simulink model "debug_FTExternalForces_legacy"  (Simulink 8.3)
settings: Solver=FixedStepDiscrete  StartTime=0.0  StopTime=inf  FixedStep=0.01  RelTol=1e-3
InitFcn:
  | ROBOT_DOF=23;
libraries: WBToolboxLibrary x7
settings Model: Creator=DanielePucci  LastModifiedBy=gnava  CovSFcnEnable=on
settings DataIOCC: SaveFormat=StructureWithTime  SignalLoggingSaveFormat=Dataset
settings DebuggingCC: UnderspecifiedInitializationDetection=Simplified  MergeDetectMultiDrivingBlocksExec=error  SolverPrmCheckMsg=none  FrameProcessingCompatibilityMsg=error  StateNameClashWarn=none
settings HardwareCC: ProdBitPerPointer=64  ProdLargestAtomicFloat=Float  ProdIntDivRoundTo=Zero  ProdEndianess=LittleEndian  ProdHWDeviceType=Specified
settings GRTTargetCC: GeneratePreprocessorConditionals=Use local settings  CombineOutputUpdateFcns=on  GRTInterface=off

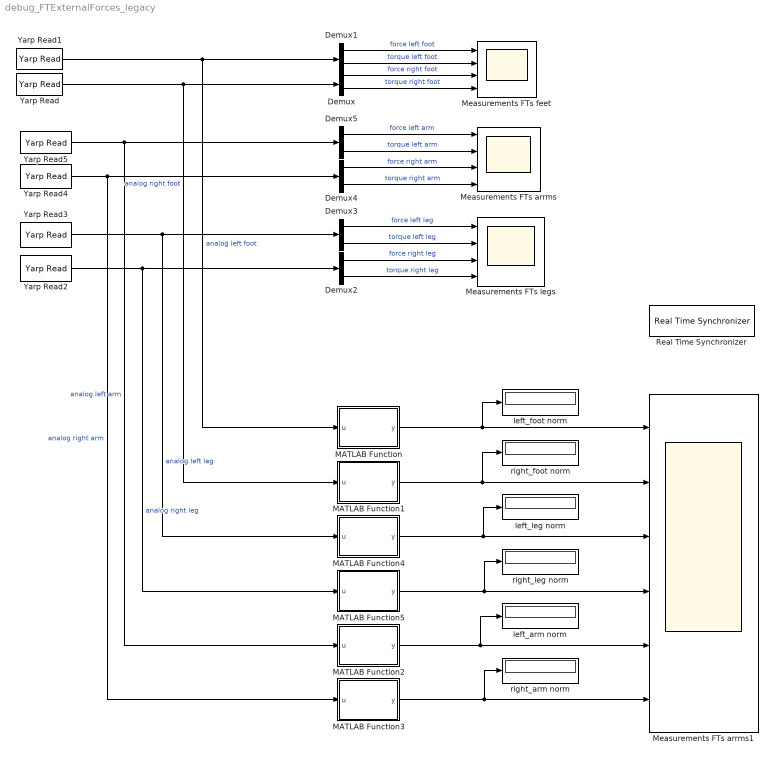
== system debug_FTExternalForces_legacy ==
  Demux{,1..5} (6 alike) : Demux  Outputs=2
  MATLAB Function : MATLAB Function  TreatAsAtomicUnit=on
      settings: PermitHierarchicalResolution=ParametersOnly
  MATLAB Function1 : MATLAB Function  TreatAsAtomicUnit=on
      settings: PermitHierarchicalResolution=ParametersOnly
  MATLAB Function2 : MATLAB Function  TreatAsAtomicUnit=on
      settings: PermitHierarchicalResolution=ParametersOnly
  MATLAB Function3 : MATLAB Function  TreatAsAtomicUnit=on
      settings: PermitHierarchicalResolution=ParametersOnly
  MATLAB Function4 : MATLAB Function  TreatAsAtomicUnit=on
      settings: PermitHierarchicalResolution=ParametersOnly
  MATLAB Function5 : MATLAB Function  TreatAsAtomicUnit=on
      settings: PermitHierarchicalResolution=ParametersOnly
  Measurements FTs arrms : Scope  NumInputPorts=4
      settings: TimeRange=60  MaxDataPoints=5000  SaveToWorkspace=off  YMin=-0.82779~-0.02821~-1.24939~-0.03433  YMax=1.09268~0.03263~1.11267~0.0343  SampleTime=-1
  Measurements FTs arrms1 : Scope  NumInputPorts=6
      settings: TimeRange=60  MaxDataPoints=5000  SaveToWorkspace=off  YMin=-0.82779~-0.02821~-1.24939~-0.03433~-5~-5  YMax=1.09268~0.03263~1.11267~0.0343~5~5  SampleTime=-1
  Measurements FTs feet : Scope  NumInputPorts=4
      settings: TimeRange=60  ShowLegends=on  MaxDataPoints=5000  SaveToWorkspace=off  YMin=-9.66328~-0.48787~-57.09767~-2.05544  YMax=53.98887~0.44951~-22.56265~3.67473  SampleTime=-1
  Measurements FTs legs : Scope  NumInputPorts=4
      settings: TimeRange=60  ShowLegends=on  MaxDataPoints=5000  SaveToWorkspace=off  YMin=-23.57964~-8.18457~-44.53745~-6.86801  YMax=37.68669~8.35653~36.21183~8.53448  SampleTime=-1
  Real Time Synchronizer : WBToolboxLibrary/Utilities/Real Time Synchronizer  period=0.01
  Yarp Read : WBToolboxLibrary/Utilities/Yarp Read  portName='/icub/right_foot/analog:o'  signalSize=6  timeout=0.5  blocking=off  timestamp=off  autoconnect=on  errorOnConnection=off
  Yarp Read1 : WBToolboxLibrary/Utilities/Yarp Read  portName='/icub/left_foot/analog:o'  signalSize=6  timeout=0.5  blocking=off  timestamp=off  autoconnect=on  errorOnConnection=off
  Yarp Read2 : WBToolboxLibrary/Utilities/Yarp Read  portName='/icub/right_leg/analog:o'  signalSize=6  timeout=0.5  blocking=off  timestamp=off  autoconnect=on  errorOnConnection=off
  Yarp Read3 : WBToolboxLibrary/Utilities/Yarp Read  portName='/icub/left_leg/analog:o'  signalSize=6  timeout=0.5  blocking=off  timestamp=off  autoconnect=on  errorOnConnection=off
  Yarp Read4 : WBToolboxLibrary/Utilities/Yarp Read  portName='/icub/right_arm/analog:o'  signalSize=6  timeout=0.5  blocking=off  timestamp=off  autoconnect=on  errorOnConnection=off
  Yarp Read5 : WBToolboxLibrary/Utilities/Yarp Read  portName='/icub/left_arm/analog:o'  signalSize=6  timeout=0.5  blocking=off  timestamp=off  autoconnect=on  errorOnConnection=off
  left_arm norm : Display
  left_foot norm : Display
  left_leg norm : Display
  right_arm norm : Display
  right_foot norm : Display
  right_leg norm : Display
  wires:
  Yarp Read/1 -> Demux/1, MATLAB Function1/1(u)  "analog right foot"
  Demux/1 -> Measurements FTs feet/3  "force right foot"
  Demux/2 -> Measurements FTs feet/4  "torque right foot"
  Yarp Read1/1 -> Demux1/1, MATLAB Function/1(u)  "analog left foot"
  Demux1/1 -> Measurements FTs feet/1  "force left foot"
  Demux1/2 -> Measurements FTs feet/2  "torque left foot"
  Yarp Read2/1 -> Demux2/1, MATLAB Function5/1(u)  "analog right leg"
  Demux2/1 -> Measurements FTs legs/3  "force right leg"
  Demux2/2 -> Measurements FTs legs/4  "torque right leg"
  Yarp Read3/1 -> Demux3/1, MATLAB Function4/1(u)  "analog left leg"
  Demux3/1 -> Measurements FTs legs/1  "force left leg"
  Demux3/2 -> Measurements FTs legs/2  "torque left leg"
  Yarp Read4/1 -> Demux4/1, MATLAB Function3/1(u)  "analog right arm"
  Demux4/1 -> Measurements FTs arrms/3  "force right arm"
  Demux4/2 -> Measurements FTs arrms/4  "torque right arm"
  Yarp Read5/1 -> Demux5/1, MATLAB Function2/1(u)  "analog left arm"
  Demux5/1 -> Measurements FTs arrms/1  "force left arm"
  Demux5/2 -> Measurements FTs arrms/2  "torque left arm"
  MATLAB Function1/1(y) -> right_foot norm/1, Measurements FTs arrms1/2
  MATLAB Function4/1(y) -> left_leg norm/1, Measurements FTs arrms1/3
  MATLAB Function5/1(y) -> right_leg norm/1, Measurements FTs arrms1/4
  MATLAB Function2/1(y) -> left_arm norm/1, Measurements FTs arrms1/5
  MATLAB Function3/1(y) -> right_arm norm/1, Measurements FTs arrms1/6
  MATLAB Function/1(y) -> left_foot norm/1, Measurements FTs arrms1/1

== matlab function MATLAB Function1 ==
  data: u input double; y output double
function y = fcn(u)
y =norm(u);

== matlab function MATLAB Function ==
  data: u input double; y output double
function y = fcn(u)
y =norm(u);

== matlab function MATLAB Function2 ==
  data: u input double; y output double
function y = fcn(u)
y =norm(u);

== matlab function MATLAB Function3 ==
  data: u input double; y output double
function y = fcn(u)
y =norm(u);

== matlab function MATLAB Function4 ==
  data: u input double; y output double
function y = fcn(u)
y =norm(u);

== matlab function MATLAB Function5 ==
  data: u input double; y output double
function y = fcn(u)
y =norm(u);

- _Exercise directions_
The answer must be a single number: the count of lines in the entries that include "torque".

- _Exercise result_
6